Bei so einem alten Gebäude muss man ständig achtsam die Substanz im Blick haben, sie in Schuss halten.Achim Baumgart
Je mehr das Veranstaltungsgeschäft in Schwung kam, desto weniger machte das parallele À-la-carte-Geschäft aus seiner Sicht Sinn. „Da stoßen zwei Welten aufeinander, wenn in einem Raum ein hochwertiges Menü für zwei Personen serviert wird und in Ruhe genossen werden will, und nebenan eine Gesellschaft Hochzeit feiert, die sich möglicherweise auch mal etwas lauter herzt und begrüßt beim Sektempfang.“
Ein Hauch von Glanz und Glamour auf dem roten Teppich
Früher, sagen wir vor 30 oder 40 Jahren, plante man seine Hochzeit natürlich auch. Aber heute wird für solch freudigen Anlass ein Konzept entwickelt. Das Büfettgespräch ist dabei essenziell, logisch, aber bei weitem nur ein Punkt. Manche Gäste wollen anderes Mobiliar, spezielle Fotohintergründe, eine raffinierte Deko. Man könnte hier noch lang weiter listen, kann‘s aber auch abkürzen: alles wird ermöglicht. Auch für jeden Geldbeutel. Denn: der rote Teppich soll zwar ein bisschen Glanz und Glamour, einen Hauch von Luxus verströmen, aber niemanden abschrecken. Nur Fotografen und Musik vermittelt Baumgart nicht, da seien die Geschmäcker zu verschieden, da kann man mit gut gemeinten Empfehlungen auch mal schwer daneben liegen.

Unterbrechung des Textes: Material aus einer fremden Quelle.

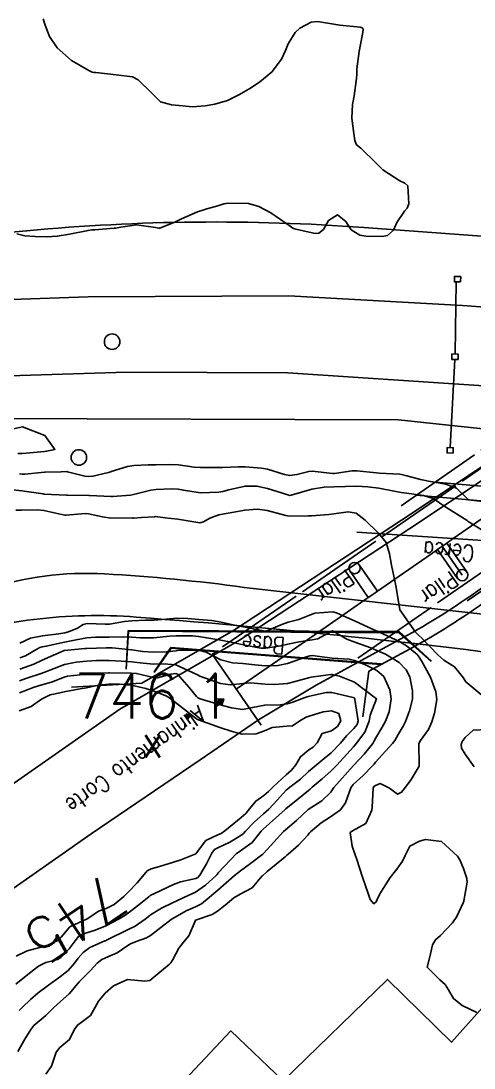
# Model space of a CAD drawing. Header units: metres. Extents: x 307586 to 320046, y 7427249 to 7434250.
# Drawn here: x 316479.6 to 316520.2, y 7432915.3 to 7433009.1 of the extents above; entities that cross this region are included whole.
import ezdxf
from ezdxf.enums import TextEntityAlignment as Align

# ---------------------------------------------------------------- set-up
doc = ezdxf.new("R2010")
doc.units = ezdxf.units.M
doc.header["$MEASUREMENT"] = 0
for name, pattern in [('CERCA', [9.4, 8, -0.7, 0, -0.7]), ('CONTINUO', [0]), ('TRACEJADO', [8.7, 8, -0.7])]:
    doc.linetypes.add(name, pattern=pattern)
doc.layers.get('0').update_dxf_attribs({"color": 255})
for name, color, linetype in [('4_PT_CORTES', 45, 'Continuous'), ('4_PT_FUNDO_VIG', 45, 'Continuous'), ('_ALINHAMENTO_CORTES', 45, 'Continuous'), ('ALINHAMENTO_CORTES', 45, 'Continuous'), ('BASE', 45, 'Continuous'), ('CERCA', 45, 'CERCA'), ('Cotas', 45, 'Continuous'), ('Curvas de Nivel 1m', 11, 'Continuous'), ('Curvas de Nivel 5m', 15, 'Continuous'), ('Divisa', 42, 'FENCELINE2'), ('Edificações', 30, 'Continuous'), ('Linha Férrea', 20, 'Continuous'), ('PILAR', 45, 'Continuous'), ('Pontes_Viadutos_Tubos', 190, 'Continuous'), ('Pontos Cotados', 45, 'Continuous'), ('Portico', 45, 'Continuous'), ('Postes', 20, 'Continuous'), ('TALUDE', 45, 'Continuous'), ('TEXTO', 45, 'Continuous'), ('VIADUTO', 190, 'Continuous'), ('Vias Primárias', 230, 'Continuous'), ('Vias Secundárias', 230, 'Continuous')]:
    doc.layers.add(name, color=color, linetype=linetype)
doc.styles.add('ROMANS', font='romans', dxfattribs={"height": 0.2})
doc.styles.get("Standard").update_dxf_attribs({"font": 'txt.shx'})
doc.styles.add('Style-STANDARD', font='STANDARD.shx')
doc.linetypes.add('FENCELINE2', pattern='A,0.25,-0.1,[132,ltypeshp.shx,S=0.1,R=0,X=-0.1,Y=0],-0.1,1', length=1.45)

# ---------------------------------------------------------------- blocks, each defined once
blk = doc.blocks.new('ELVTXT_154')
at = {"layer": 'Pontos Cotados', "linetype": 'Continuous', "style": 'Style-STANDARD'}
for s, height, p in [('746.1', 4, (0, 4)), ('x', 3, (0, 0))]:
    blk.add_text(s, height=height, dxfattribs=at).set_placement(p, align=Align.MIDDLE_CENTER)
blk = doc.blocks.new('3F5CE333BFE14A8C12D0B4')
at = {"layer": 'ALINHAMENTO_CORTES', "color": 1, "linetype": 'CONTINUO'}
blk.add_polyline3d([(0, 0, 744.933), (4.196, 2.912, 743.342), (4.266, 2.96, 743.312), (7.361, 5.109, 740.769), (7.484, 5.194, 739.303), (8.057, 5.592, 744.951), (11.834, 8.213, 739.029), (12.253, 8.504, 744.961), (12.668, 8.792, 738.978), (17.419, 12.089, 746.417), (18.042, 12.522, 738.793), (18.88, 13.103, 738.765), (19.448, 13.497, 738.745), (24.068, 16.703, 738.053), (25.758, 17.877, 736.985), (25.894, 17.971, 736.748), (26.725, 18.548, 736.748), (30.09, 20.883, 745.042), (31.55, 21.896, 736.519), (31.883, 22.127, 736.618), (32.418, 22.499, 736.777), (32.719, 22.708, 736.745), (33.428, 23.2, 736.669), (34.436, 23.899, 736.931), (37.45, 25.991, 736.72), (38.438, 26.677, 736.616), (39.223, 27.222, 746.388), (39.427, 27.363, 736.882), (39.772, 27.603, 736.815), (40.198, 27.898, 745.084), (40.264, 27.944, 736.721), (40.61, 28.184, 736.683), (42.014, 29.159, 736.529), (44.91, 31.168, 746.405), (45.884, 31.844, 736.433), (46.332, 32.155, 745.073), (46.466, 32.249, 736.668), (46.733, 32.434, 736.638), (47.443, 32.926, 736.557), (48.419, 33.604, 736.816), (49.202, 34.147, 736.634), (49.698, 34.492, 746.4), (50.139, 34.797, 736.583), (52.435, 36.391, 745.032), (53.142, 36.881, 736.936), (53.747, 37.302, 737.289), (54.526, 37.842, 737.744), (54.567, 37.871, 737.75), (54.75, 37.997, 737.774), (57.4, 39.837, 746.338), (59.564, 41.339, 739.211), (59.992, 41.635, 746.308), (60.192, 41.774, 744.965), (60.414, 41.929, 739.465), (62.432, 43.329, 740.067), (62.598, 43.445, 740.849), (64.702, 44.905, 744.911), (66.148, 45.908, 746.236), (67.8, 47.055, 741.893), (68.514, 47.55, 742.854), (71.223, 49.43, 742.854), (72.398, 50.246, 744.815)], dxfattribs=at)
blk = doc.blocks.new('2578BA9BB18E43E012CE18')
at = {"color": 1, "linetype": 'CONTINUO', "flags": 128}
for points in [[(-0.471, 0.207), (-0.505, 0.015)], [(-0.424, -0.101), (-0.355, 0.288)], [(-0.317, 0.501), (-0.324, 0.464)], [(-0.312, -0.042), (-0.216, 0.498)], [(-0.196, 0.039), (-0.115, 0.495)], [(-0.081, 0.116), (-0.014, 0.493)], [(0, 0), (0.087, 0.49)]]:
    blk.add_lwpolyline(points, dxfattribs=at)
blk = doc.blocks.new('SIMB_PONTO')
at = {"color": 0}
blk.add_point((0, 0), dxfattribs=at)
for tag in ['desc:', 'cota:', 'pto:']:
    blk.add_attdef(tag, (0, 0), '', height=1)
blk = doc.blocks.new('903442E05270425212CF50')
at = {"layer": 'ALINHAMENTO_CORTES', "color": 2, "linetype": 'CONTINUO'}
blk.add_polyline3d([(0, 0, 0), (0.333, 0.232, 0), (0.234, 0.373, 0), (0.773, 0.359, 0), (0.6, -0.151, 0), (0.502, -0.01, 0), (0.169, -0.242, 0)], close=True, dxfattribs=at)
blk = doc.blocks.new('CB47A0D4E1B401812D094')
at = {"layer": 'ALINHAMENTO_CORTES'}
blk.add_hatch(color=1, dxfattribs=at).paths.add_polyline_path([(-0.773, -0.359), (-0.44, -0.127), (-0.538, 0.014), (0, 0), (-0.172, -0.51), (-0.271, -0.369), (-0.603, -0.602)])
at = {"layer": '_ALINHAMENTO_CORTES', "color": 3, "xscale": 0.04000000000000001, "yscale": 0.04000000000000001, "zscale": 0.04000000000000001, "rotation": 34.93271274192687}
blk.add_blockref('SIMB_PONTO', (-0.603, -0.602), dxfattribs=at)
at = {"layer": 'ALINHAMENTO_CORTES', "color": 255}
blk.add_blockref('903442E05270425212CF50', (-0.773, -0.359), dxfattribs=at)

msp = doc.modelspace()

# ---------------------------------------------------------------- linework, layer by layer
at = {"layer": '4_PT_CORTES', "linetype": 'CONTINUO'}
for points in [[(316519.157, 7432959.455, 0), (316517.365, 7432962.038, 0)], [(316519.576, 7432959.746, 0), (316517.784, 7432962.329, 0)], [(316518.738, 7432959.165, 0), (316516.946, 7432961.748, 0)], [(316509.931, 7432960.381, 0), (316511.571, 7432958.018, 0)], [(316509.097, 7432959.802, 0), (316510.737, 7432957.439, 0)]]:
    msp.add_polyline3d(points, dxfattribs=at)
at = {"layer": '4_PT_FUNDO_VIG', "linetype": 'CONTINUO'}
msp.add_polyline3d([(316501.123, 7432946.009, 744.916), (316496.736, 7432952.366, 744.949)], dxfattribs=at)
at = {"layer": 'BASE', "linetype": 'CONTINUO'}
for points in [[(316489.042, 7432951.017, 743.762), (316489.228, 7432954.48, 739.967), (316513.496, 7432954.395, 739.027), (316516.392, 7432951.73, 740.055)], [(316489.042, 7432951.017, 743.762), (316489.254, 7432954.437, 741.013), (316513.469, 7432954.292, 740.666), (316516.357, 7432951.706, 740.685)], [(316491.533, 7432950.795, 743.688), (316493.045, 7432952.968, 741.907), (316511.904, 7432951.512, 741.777)], [(316491.553, 7432950.718, 744.904), (316493.075, 7432952.919, 743.323), (316511.872, 7432951.454, 743.358)]]:
    msp.add_polyline3d(points, dxfattribs=at)
at = {"layer": 'CERCA', "linetype": 'FENCELINE2', "ltscale": 2, "flags": 128}
msp.add_lwpolyline([(316526.889, 7432962.16), (316509.696, 7432963.294)], dxfattribs=at)
at = {"layer": 'Curvas de Nivel 1m', "flags": 128}
for points, elevation in [([(316481.604, 7433009.321), (316481.772, 7433008.734), (316482.173, 7433007.732), (316482.846, 7433006.723), (316484.146, 7433005.574), (316485.694, 7433004.687), (316485.994, 7433004.544), (316486.131, 7433004.507), (316486.311, 7433004.499), (316488.129, 7433004.297), (316489.589, 7433004.1), (316490.125, 7433003.854), (316491.368, 7433002.617), (316492.106, 7433001.868), (316493.102, 7433001.601), (316494.102, 7433001.504), (316494.959, 7433001.435), (316496.103, 7433001.529), (316496.976, 7433001.679), (316498.107, 7433001.993), (316499.192, 7433002.524), (316500.118, 7433003.065), (316500.992, 7433003.634), (316502.028, 7433004.491), (316502.08, 7433004.544), (316502.135, 7433004.598), (316502.943, 7433005.69), (316503.329, 7433006.478), (316503.565, 7433007.08), (316504.179, 7433008.081), (316504.598, 7433008.464), (316505.63, 7433009.01), (316506.192, 7433009.062), (316507.822, 7433008.79), (316508.188, 7433008.743), (316510.004, 7433008.574), (316510.185, 7433008.511), (316510.286, 7433008.389), (316510.287, 7433008.284), (316510.177, 7433007.797), (316509.922, 7433006.394), (316509.709, 7433004.827), (316509.706, 7433004.396), (316509.689, 7433003.957), (316509.463, 7433002.4), (316509.327, 7433001.624), (316509.266, 7433000.402), (316509.444, 7432999.028), (316509.516, 7432998.398), (316509.689, 7432998.026), (316510.056, 7432997.712), (316511.433, 7432996.376), (316512.034, 7432995.786), (316513.568, 7432994.806), (316514.017, 7432994.592), (316514.269, 7432994.346), (316514.376, 7432992.723), (316514.217, 7432992.347), (316513.99, 7432992.086), (316513.287, 7432991.05), (316513.01, 7432990.36), (316512.445, 7432989.886), (316511.965, 7432989.812), (316510.518, 7432989.831), (316509.966, 7432989.934), (316509.208, 7432990.401), (316508.71, 7432991.139), (316507.986, 7432991.743), (316507.175, 7432991.234), (316506.724, 7432990.432), (316506.31, 7432990.094), (316505.967, 7432990.076), (316504.227, 7432990.466), (316504.033, 7432990.529), (316503.974, 7432990.564), (316503.732, 7432990.716), (316501.987, 7432991.926), (316500.937, 7432992.501), (316499.995, 7432992.758), (316498.245, 7432992.786), (316497.995, 7432992.774), (316497.801, 7432992.735), (316497.251, 7432992.547), (316496.269, 7432992.278), (316495.989, 7432992.203), (316495.434, 7432992.015), (316493.981, 7432991.389), (316493.451, 7432991.123), (316492.207, 7432990.608), (316492.019, 7432990.563), (316491.972, 7432990.564), (316491.663, 7432990.613), (316489.975, 7432990.835), (316488.551, 7432990.651), (316488.082, 7432990.547), (316487.971, 7432990.537), (316486.229, 7432990.408), (316485.96, 7432990.393), (316485.629, 7432990.354), (316483.956, 7432990.006), (316482.856, 7432989.819), (316481.953, 7432989.774), (316480.888, 7432989.806), (316479.954, 7432989.855), (316479.24, 7432990.045)], 737), ([(316479.314, 7432970.351), (316479.719, 7432970.359), (316480.079, 7432970.387), (316481.73, 7432970.539), (316481.906, 7432970.553), (316482.648, 7432970.721), (316481.745, 7432971.953), (316479.753, 7432972.75), (316478.123, 7432972.399)], 736), ([(316479.471, 7432968.524), (316479.701, 7432968.512), (316479.95, 7432968.498), (316481.702, 7432968.667), (316481.762, 7432968.67), (316483.203, 7432968.715), (316483.684, 7432968.729), (316483.703, 7432968.728), (316483.784, 7432968.709), (316485.343, 7432968.329), (316485.699, 7432968.292), (316486.06, 7432968.316), (316487.457, 7432968.662), (316487.65, 7432968.714), (316487.704, 7432968.733), (316489.158, 7432969.192), (316489.713, 7432969.27), (316491.004, 7432969.327), (316491.714, 7432969.345), (316492.935, 7432969.377), (316493.714, 7432969.338), (316495.142, 7432969.138), (316495.711, 7432969.097), (316497.163, 7432969.094), (316497.711, 7432969.106), (316499.06, 7432969.173), (316499.713, 7432969.163), (316501.172, 7432969.034), (316501.71, 7432968.938), (316503.217, 7432968.475), (316503.702, 7432968.374), (316504.346, 7432968.46), (316505.406, 7432968.746), (316505.708, 7432968.762), (316507.564, 7432968.562), (316507.705, 7432968.565), (316509.294, 7432968.812), (316509.709, 7432968.808), (316511.467, 7432968.612), (316511.706, 7432968.594), (316513.566, 7432968.49), (316513.705, 7432968.47), (316514.18, 7432968.343), (316515.408, 7432968.032), (316515.699, 7432967.966), (316516.134, 7432967.88), (316517.696, 7432967.619), (316518.645, 7432967.238), (316519.643, 7432966.271), (316519.682, 7432966.235), (316519.747, 7432966.204), (316521.679, 7432965.956)], 737), ([(316478.109, 7432967.196), (316479.686, 7432967.022), (316481.602, 7432966.731), (316481.683, 7432966.714), (316483.682, 7432966.627), (316483.767, 7432966.624), (316485.682, 7432966.603), (316485.76, 7432966.6), (316487.681, 7432966.507), (316487.83, 7432966.509), (316489.416, 7432966.634), (316489.683, 7432966.674), (316491.24, 7432967.062), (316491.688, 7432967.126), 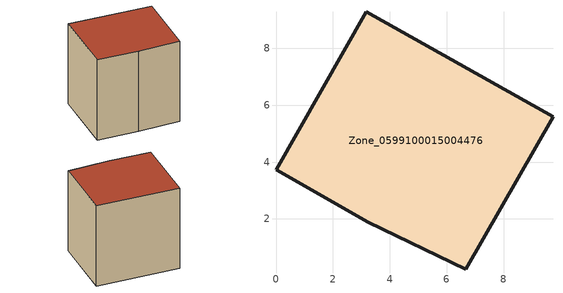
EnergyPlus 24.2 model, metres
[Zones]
Zone_0599100015004476
 floor ground (C_G): 3.17,9.29 9.74,5.6 6.67,0.22 3.25,1.88 0,3.73 z0.75
 wall outside (C_F): 9.74,5.6 3.17,9.29 0,3.73 3.25,1.88 6.67,0.22 9.74,5.6 z0.75:8.46
 roof outside (C_R): 6.67,0.22 9.74,5.6 3.17,9.29 0,3.73 3.25,1.88 z8.46
[BUILDING]
Pand.0599100015004476: North Axis=0; Terrain=City; Loads Convergence Tolerance Value=0.04; Temperature Convergence Tolerance Value=0.4; Solar Distribution=FullExterior; Maximum Number of Warmup Days=25; Minimum Number of Warmup Days=1
[Site:Location]
Rotterdam.The.Hague.AP_ZH_NLD Design_Conditions: Latitude=51.96; Longitude=4.45; Time Zone=1; Elevation=-4.5
[SITE:GROUNDTEMPERATURE:BUILDINGSURFACE]
18, 18, 18, 18, 18, 18, 18, 18, 18, 18, 18, 18
[MATERIAL] Thermal Absorptance=0.9; Solar Absorptance=0.7; Visible Absorptance=0.7
Name | Roughness | Thickness | Conductivity | Density | Specific Heat
G.TC.1946-1964 | MediumSmooth | 0.15 | 1 | 540 | 1210
F.TC.1946-1964 | Rough | 0.3 | 0.857143 | 1920 | 840
R.TC.1946-1964 | MediumRough | 0.2 | 0.235294 | 1500 | 1000
[CONSTRUCTION]
C_G: G.TC.1946-1964
C_F: F.TC.1946-1964
C_R: R.TC.1946-1964
[ZONE]
Zone_0599100015004476: Type=1; Multiplier=1; Ceiling Height=Autocalculate; Volume=Autocalculate; Floor Area=autocalculate; Part of Total Floor Area=Yes
[ZONEINFILTRATION:DESIGNFLOWRATE]
Infil_Zone_0599100015004476: Zone or ZoneList or Space or SpaceList=Zone_0599100015004476; Schedule=AlwaysOn; Design Flow Rate Calculation Method=Flow/Area; Flow Rate per Floor Area=0.003; Constant Term Coefficient=1; Temperature Term Coefficient=0; Velocity Term Coefficient=0; Velocity Squared Term Coefficient=0
[HVACTEMPLATE:ZONE:IDEALLOADSAIRSYSTEM]
Zone_0599100015004476: Maximum Heating Supply Air Temperature=50; Minimum Cooling Supply Air Temperature=13; Maximum Heating Supply Air Humidity Ratio=0.0156; Minimum Cooling Supply Air Humidity Ratio=0.0077; Heating Limit=NoLimit; Cooling Limit=NoLimit; Dehumidification Control Type=ConstantSensibleHeatRatio; Cooling Sensible Heat Ratio=0.7; Dehumidification Setpoint=60; Humidification Control Type=None; Humidification Setpoint=30; Outdoor Air Method=None; Outdoor Air Flow Rate per Person=0.00944; Outdoor Air Flow Rate per Zone Floor Area=0; Outdoor Air Flow Rate per Zone=0; Demand Controlled Ventilation Type=None; Outdoor Air Economizer Type=NoEconomizer; Heat Recovery Type=None; Sensible Heat Recovery Effectiveness=0.7; Latent Heat Recovery Effectiveness=0.65
[ZONECONTROL:THERMOSTAT]
ThermostatControl_Zone_0599100015004476: Zone or ZoneList=Zone_0599100015004476; Control Type Schedule=DualSetpointControlType; Control 1=Thermostat_Zone_0599100015004476; Temperature Difference Between Cutout And Setpoint=0
[THERMOSTATSETPOINT:DUALSETPOINT]
Thermostat_Zone_0599100015004476: Heating Setpoint Temperature Schedule=HeatingSetpoint_Zone_0599100015004476; Cooling Setpoint Temperature Schedule=CoolingSetpoint_Zone_0599100015004476
[SCHEDULE:COMPACT]
HeatingSetpoint_Zone_0599100015004476: Through: 12/31, For: AllDays, Until: 24:00, 21
CoolingSetpoint_Zone_0599100015004476: Through: 12/31, For: AllDays, Until: 24:00, 24
DualSetpointControlType: Through: 12/31, For: AllDays, Until: 24:00, 4
AlwaysOn: Through: 12/31, For: AllDays, Until: 24:00, 1
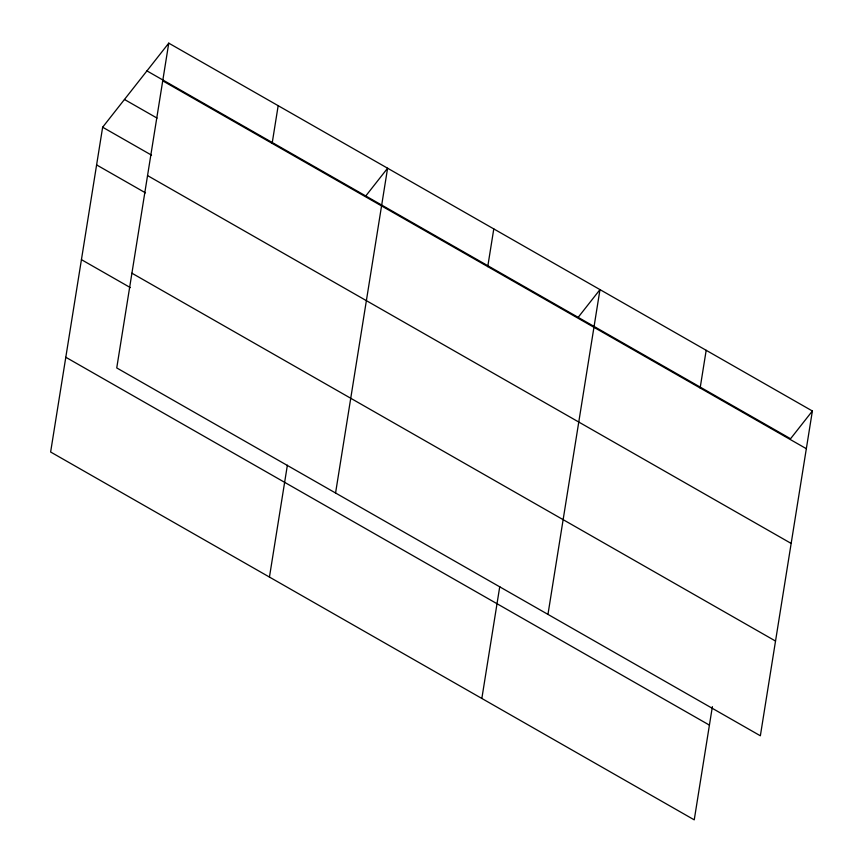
<?xml version="1.0" encoding="UTF-8"?>
<svg xmlns="http://www.w3.org/2000/svg" width="863" height="863" viewBox="0 0 863 863"><rect width="100%" height="100%" fill="white"/><g stroke="black" fill="none" stroke-linecap="round" stroke-linejoin="round"><path stroke-width="1.29" d="M168.76 43.15L116.742 367.929L760.357 735.783L812.374 410.993L168.76 43.15L102.643 127.217L50.626 452.007L694.24 819.85L712.374 706.646M272.136 143.377L278.177 105.685M269.45 577.067L287.379 465.179M335.567 493L387.595 168.22L365.772 195.966M487.746 266.613L493.787 228.911M481.845 698.458L499.763 586.57M547.962 614.391L599.979 289.612L578.167 317.347M700.141 387.994L706.182 350.302M812.374 410.993L790.562 438.738L146.947 70.895M162.719 80.842L806.333 448.695M124.466 99.472L157.055 118.102M102.643 127.217L151.532 155.157M147.551 175.588L791.166 543.431M96.613 164.919L145.491 192.859M131.91 273.193L775.524 641.047M81.435 259.655L130.324 287.595M65.804 357.26L709.418 725.114"/></g></svg>

Die beliebte Veranstaltungslocation im Braunschweiger Nordwesten ist nicht nur bei Brautpaaren beliebt.
Baumgart und sein Team betreiben in Braunschweig und Umgebung natürlich nicht das einzige Veranstaltungshaus. „Wir haben ein gutes Verhältnis untereinander, schicken uns auch schon mal gegenseitig Kundinnen und Kunden zu. Wer zum Beispiel ein Haus im modernen Glas-Sichtbeton-Stil bevorzugt, den würde ich bei uns mit nicht so gutem Bauchgefühl feiern lassen.“ Dass die Kolleginnen und Kollegen sich gegenseitig wertschätzen, untermauert eine kleine Anekdote: „Wir hatten gerade die kaufmännische Union hier. Und ausgerechnet da ging mir das Bier aus. Bernd Weymann von den Wendezeller Stuben telefonierte kurz und schon hatte ich zwei Fässer von ihm als Leihgabe.“
Beim Brautpaar-Ball beseelt über das Parkett gleiten
Klar ist der Job nichts für Menschen, die es gerne als 35-Stunden-Woche geregelt haben möchten. Sieben Veranstaltungsräume für 20 bis 500 Gäste, neun Doppelzimmer, 20 Festangestellte und 30 Aushilfen. Da bleibt wenig Zeit. Wenn er den Kopf mal frei kriegen möchte, geht er zum Kitesurfen. Auf der Ostsee oder ab nach Ägypten. Aber, und an diesem Punkt ist Baumgart dann doch Gastronom, Veranstalter mit Leib und Seele, wenn ein Paar, das bei seiner Mutter Hochzeit gefeiert hat, zur Silberhochzeit wiederkommt, dann freut ihn das. Oder wenn eine 80-Jährige sich nach dem Sonntagsbrunch im Kreis ihre Lieben bedankt mit den Worten, es sei wie ein Kurzurlaub gewesen, dann berührt das sein Herz.
Themenbüfetts, Weinreisen, Schlachtefeste und Krimi-Dinner gibt es ebenfalls in Oelper. Was Baumgart zukünftig noch forcieren will, sind die Bälle. Er hat gemerkt: die Menschen lieben das. Der Ball Polonia war augenblicklich ausverkauft mit 300 Gästen. Also wird es 2026 mehr geben, unter anderem auch einen Brautpaar-Ball. Die Frauen sind verzückt, in großer Abendrobe oder gar in ihrem Brautkleid übers Parkett zu gleiten. Und die Herren dürfen an solchen Abenden ungestraft Führungsqualitäten an den Tag legen.